D’autant plus que ces avis au vitriol ne se limitent pas au milieu écologiste. En effet, pour les instances consultées par le gouvernement, le compte n’y est pas. Le Conseil national de la transition écologique s’est inquiété « de la baisse insuffisante des émissions de gaz à effet de serre induite par cette loi », tandis que le Conseil économique, social et environnemental estime que les nombreuses mesures « sont en général pertinentes mais souvent limitées, souvent différées, souvent soumises à des conditions telles qu’on doute de les voir mises en œuvre à terme rapproché ».

En tout état de cause, cette dernière grande loi environnementale du quinquennat doit réussir à créer la « rupture dans la société française » nécessaire pour éviter des dérèglements climatiques majeurs.

Quelques mesures phares adoptées définitivement !

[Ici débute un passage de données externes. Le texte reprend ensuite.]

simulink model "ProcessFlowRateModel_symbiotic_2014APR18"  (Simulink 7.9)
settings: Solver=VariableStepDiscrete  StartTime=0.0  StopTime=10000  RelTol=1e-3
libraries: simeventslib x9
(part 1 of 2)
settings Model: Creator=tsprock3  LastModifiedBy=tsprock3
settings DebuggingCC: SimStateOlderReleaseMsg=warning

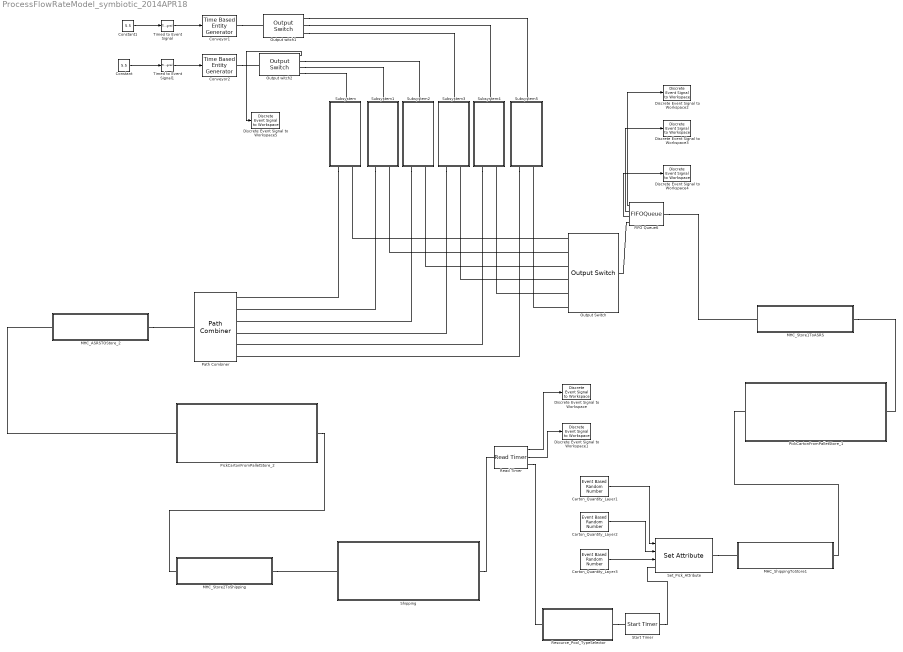
== system ProcessFlowRateModel_symbiotic_2014APR18 ==
  Carton_Quantity_Layer1 : EventBasedRandomNumber  Distribution=Discrete uniform  minUnid=17  maxUnid=23  numValueUnid=7  valueVecDisc=[1 2 3]  probVecDisc=[0.5 0.35 0.15]  Seed=35621
  Carton_Quantity_Layer2 : EventBasedRandomNumber  Distribution=Discrete uniform  minUnid=55  maxUnid=65  numValueUnid=11  valueVecDisc=[1 2 3]  probVecDisc=[0.5 0.35 0.15]  Seed=38838
  Carton_Quantity_Layer3 : EventBasedRandomNumber  Distribution=Discrete uniform  minUnid=17  maxUnid=23  numValueUnid=7  valueVecDisc=[1 2 3]  probVecDisc=[0.5 0.35 0.15]  Seed=42055
  Constant : Constant  Value=5.5
  Constant1 : Constant  Value=5.5
  Conveyor1 : TimeBasedEntityGenerator  GenerateEntitiesUpon=Intergeneration time from port t
  Conveyor2 : TimeBasedEntityGenerator  GenerateEntitiesUpon=Intergeneration time from port t
  Discrete Event Signal to Workspace : simeventslib/SimEvents Sinks/Discrete Event Signal to Workspace  VariableName=elapsedtime  SaveFormat=Structure With Time  isMonitorOnly=off  isRecordIC=off
  Discrete Event Signal to Workspace1 : simeventslib/SimEvents Sinks/Discrete Event Signal to Workspace  VariableName=avg  SaveFormat=Structure With Time  isMonitorOnly=off  isRecordIC=off
  Discrete Event Signal to Workspace2 : simeventslib/SimEvents Sinks/Discrete Event Signal to Workspace  VariableName=serviced_qty  SaveFormat=Structure With Time  isMonitorOnly=off  isRecordIC=off
  Discrete Event Signal to Workspace3 : simeventslib/SimEvents Sinks/Discrete Event Signal to Workspace  VariableName=num_wait  SaveFormat=Structure With Time  isMonitorOnly=off  isRecordIC=off
  Discrete Event Signal to Workspace4 : simeventslib/SimEvents Sinks/Discrete Event Signal to Workspace  VariableName=avg_wait  SaveFormat=Structure With Time  isMonitorOnly=off  isRecordIC=off
  Discrete Event Signal to Workspace5 : simeventslib/SimEvents Sinks/Discrete Event Signal to Workspace  VariableName=intergeneration_time  SaveFormat=Structure With Time  isMonitorOnly=off  isRecordIC=off
  FIFO Queue6 : FIFOQueue  StatNumberDeparted=on  StatNumberInBlock=on  StatAverageWait=on
      settings: OutputPortMap=o0,o1,o2
  MHC_ASRSTOStore_2 : Subsystem
  MHC_ShippingToStore1 : Subsystem
  MHC_Store1ToASRS : Subsystem
  MHC_Store2ToShipping : Subsystem
  Output Switch : OutputSwitch  NumberOutputPorts=6
  Output witch1 : OutputSwitch  SwitchingCriterion=Round robin
  Output witch2 : OutputSwitch  SwitchingCriterion=Round robin  StatNumberDeparted=on
  Path Combiner : PathCombiner  NumberInputPorts=6
  PickCartonFromPalletStore_1 : Subsystem
  PickCartonFromPalletStore_2 : Subsystem
  Read Timer : ReadTimer  StatTimeElapsed=on  StatAverageTimeElapsed=on
      settings: OutputPortMap=o2,o3
  Resource_Pool_TypeSelector : Subsystem  mask{Quantity=24}
      mask prompts: Quantity "How many entities in resource pool?"
  Set_Pick_Attribute : SetAttribute  AttributeName=Carton_Quantity_Layer1|Carton_Quantity_Layer2|Carton_Quantity_Layer3  AttributeFrom=Signal port|Signal port|Signal port  AttributeValue=1|1|1  AttributeTreatAsVector=1|1|1  EvaluatedAttributeValue={[];[];[]}
      settings: InputPortMap=u0,u1,u2
  Shipping : Subsystem
  Start Timer : StartTimer  TimerStartedOption=Restart
  Subsystem : Subsystem  mask{cartonqty=60, popupqty=40}
      mask prompts: cartonqty "Carton_Qty"; popupqty "PopUp_Qty"
  Subsystem1 : Subsystem  mask{cartonqty=60, popupqty=40}
      mask prompts: cartonqty "Carton_Qty"; popupqty "PopUp_Qty"
  Subsystem2 : Subsystem  mask{cartonqty=60, popupqty=40}
      mask prompts: cartonqty "Carton_Qty"; popupqty "PopUp_Qty"
  Subsystem3 : Subsystem  mask{cartonqty=60, popupqty=40}
      mask prompts: cartonqty "Carton_Qty"; popupqty "PopUp_Qty"
  Subsystem4 : Subsystem  mask{cartonqty=60, popupqty=40}
      mask prompts: cartonqty "Carton_Qty"; popupqty "PopUp_Qty"
  Subsystem5 : Subsystem  mask{cartonqty=60, popupqty=40}
      mask prompts: cartonqty "Carton_Qty"; popupqty "PopUp_Qty"
  Timed to Event Signal : TimedToEventSignal
  Timed to Event Signal1 : TimedToEventSignal
  wires:
  Read Timer/1 -> Discrete Event Signal to Workspace/1
  Read Timer/2 -> Discrete Event Signal to Workspace1/1
  Carton_Quantity_Layer1/1 -> Set_Pick_Attribute/1
  Carton_Quantity_Layer2/1 -> Set_Pick_Attribute/2
  Carton_Quantity_Layer3/1 -> Set_Pick_Attribute/3
  FIFO Queue6/3 -> Discrete Event Signal to Workspace4/1
  FIFO Queue6/2 -> Discrete Event Signal to Workspace3/1
  FIFO Queue6/1 -> Discrete Event Signal to Workspace2/1
  Constant1/1 -> Timed to Event Signal/1
  Timed to Event Signal/1 -> Conveyor1/1
  Constant/1 -> Timed to Event Signal1/1
  Timed to Event Signal1/1 -> Conveyor2/1
  Output witch2/1 -> Discrete Event Signal to Workspace5/1
  connections:
  Set_Pick_Attribute/RConn1 -- MHC_ShippingToStore1/LConn1
  MHC_Store2ToShipping/RConn1 -- Shipping/LConn1
  MHC_ShippingToStore1/RConn1 -- PickCartonFromPalletStore_1/LConn1
  MHC_Store1ToASRS/LConn1 -- PickCartonFromPalletStore_1/RConn1
  PickCartonFromPalletStore_2/RConn1 -- MHC_Store2ToShipping/LConn1
  MHC_ASRSTOStore_2/RConn1 -- PickCartonFromPalletStore_2/LConn1
  Conveyor1/RConn1 -- Output witch1/LConn1
  FIFO Queue6/LConn1 -- MHC_Store1ToASRS/RConn1
  Shipping/RConn1 -- Read Timer/LConn1
  Resource_Pool_TypeSelector/LConn1 -- Start Timer/LConn1
  Start Timer/RConn1 -- Set_Pick_Attribute/LConn1
  Read Timer/RConn1 -- Resource_Pool_TypeSelector/RConn1
  MHC_ASRSTOStore_2/LConn1 -- Path Combiner/RConn1
  Output Switch/LConn1 -- FIFO Queue6/RConn1
  Subsystem/RConn1 -- Path Combiner/LConn1
  Conveyor2/RConn1 -- Output witch2/LConn1
  Output witch2/RConn3 -- Subsystem/LConn1
  Output witch2/RConn2 -- Subsystem1/LConn1
  Output witch2/RConn1 -- Subsystem2/LConn1
  Output witch1/RConn3 -- Subsystem3/LConn1
  Output witch1/RConn2 -- Subsystem4/LConn1
  Output witch1/RConn1 -- Subsystem5/LConn1
  Output Switch/RConn1 -- Subsystem/RConn2
  Output Switch/RConn2 -- Subsystem1/RConn2
  Output Switch/RConn3 -- Subsystem2/RConn2
  Output Switch/RConn4 -- Subsystem3/RConn2
  Output Switch/RConn5 -- Subsystem4/RConn2
  Output Switch/RConn6 -- Subsystem5/RConn2
  Subsystem1/RConn1 -- Path Combiner/LConn2
  Subsystem2/RConn1 -- Path Combiner/LConn3
  Subsystem3/RConn1 -- Path Combiner/LConn4
  Subsystem4/RConn1 -- Path Combiner/LConn5
  Subsystem5/RConn1 -- Path Combiner/LConn6

== system ProcessFlowRateModel_symbiotic_2014APR18/MHC_ASRSTOStore_2 ==
  note: This level provides an interface to access the Transportation_Channel block variant. The interface provides a method to
      | bring shipments in and route shipments out, as well as a consistent method to add ports to realize that interface
  IN_Shipment : PathCombiner  NumberInputPorts=1
  OUT_Shipment : OutputSwitch  NumberOutputPorts=1  AttributeName=Customer
  Transportation_Channel : Subsystem
  IN_Shipment_1 : PMIOPort  Port=1  Side=Left
  OUT_Shipment_1 : PMIOPort  Port=2  Side=Right
  connections:
  IN_Shipment/RConn1 -- Transportation_Channel/LConn1
  Transportation_Channel/RConn1 -- OUT_Shipment/LConn1
  IN_Shipment_1/RConn1 -- IN_Shipment/LConn1
  OUT_Shipment/RConn1 -- OUT_Shipment_1/RConn1

== system ProcessFlowRateModel_symbiotic_2014APR18/MHC_ShippingToStore1 ==
  note: This level provides an interface to access the Transportation_Channel block variant. The interface provides a method to
      | bring shipments in and route shipments out, as well as a consistent method to add ports to realize that interface
  IN_Shipment : PathCombiner  NumberInputPorts=1
  OUT_Shipment : OutputSwitch  NumberOutputPorts=1  AttributeName=Customer
  Transportation_Channel : Subsystem
  IN_Shipment_1 : PMIOPort  Port=1  Side=Left
  OUT_Shipment_1 : PMIOPort  Port=2  Side=Right
  connections:
  IN_Shipment/RConn1 -- Transportation_Channel/LConn1
  Transportation_Channel/RConn1 -- OUT_Shipment/LConn1
  IN_Shipment_1/RConn1 -- IN_Shipment/LConn1
  OUT_Shipment/RConn1 -- OUT_Shipment_1/RConn1

== system ProcessFlowRateModel_symbiotic_2014APR18/MHC_Store1ToASRS ==
  note: This level provides an interface to access the Transportation_Channel block variant. The interface provides a method to
      | bring shipments in and route shipments out, as well as a consistent method to add ports to realize that interface
  IN_Shipment : PathCombiner  NumberInputPorts=1
  OUT_Shipment : OutputSwitch  NumberOutputPorts=1  AttributeName=Customer
  Transportation_Channel : Subsystem
  IN_Shipment_1 : PMIOPort  Port=1  Side=Left
  OUT_Shipment_1 : PMIOPort  Port=2  Side=Right
  connections:
  IN_Shipment/RConn1 -- Transportation_Channel/LConn1
  Transportation_Channel/RConn1 -- OUT_Shipment/LConn1
  IN_Shipment_1/RConn1 -- IN_Shipment/LConn1
  OUT_Shipment/RConn1 -- OUT_Shipment_1/RConn1

== system ProcessFlowRateModel_symbiotic_2014APR18/MHC_Store2ToShipping ==
  note: This level provides an interface to access the Transportation_Channel block variant. The interface provides a method to
      | bring shipments in and route shipments out, as well as a consistent method to add ports to realize that interface
  IN_Shipment : PathCombiner  NumberInputPorts=1
  OUT_Shipment : OutputSwitch  NumberOutputPorts=1  AttributeName=Customer
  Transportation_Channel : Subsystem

  • Interdiction de mettre en location les logements mal isolés : les étiquettes G à compter de 2025, les F en 2028 et les E en 2034
  • Création d’un réseau national d’accompagnateurs rénov’, pour permettre de simplifier et rendre plus efficaces les travaux de rénovation de tous les Français
  • Interdiction des vols domestiques en cas d’alternative en train de moins de 2h30 et la compensation carbone obligatoire de tous les vols domestiques d’ici 2024
  • Un menu végétarien quotidien dans les cantines de l’État et des universités qui proposent plusieurs menus
  • Création d’une « étiquette environnementale » pour afficher l’impact, notamment sur le climat, des produits que nous consommons
  • Affirmation du rôle fondamental de l’éducation au développement durable du primaire au lycée
  • Expérimentation du « oui pub » pour limiter la diffusion de prospectus dans nos boites aux lettres
  • Plus de vente en vrac avec 20% de surfaces consacrées dans les grandes et moyennes surfaces d’ici 2030
  • Interdiction d’implanter de nouveaux centres commerciaux sur des sols naturels ou agricoles
  • Obligation d’installer des panneaux solaires ou des toits végétalisés quand on construit ou rénove lourdement de grands bâtiments
  • Possibilité pour les salariés de s’exprimer sur la stratégie environnementale de leur entreprise
  • Prise en compte des critères écologiques dans tous les marchés et les commandes publics

[1] TA Paris, 3 févr. 2021, n° 1904967, Associations Oxfam FranceNotre affaire à tousGreenpeace FranceFondation pour la nature et l’homme

CE 19 nov. 2020, n° 427301, Cne Grande-Synthe

[2] Il faut remarquer néanmoins que les sénateurs avaient créé un article préliminaire engageant la France à respecter les objectifs de réduction des émissions de gaz à effet de serre qui découleront de la révision prochaine du règlement européen.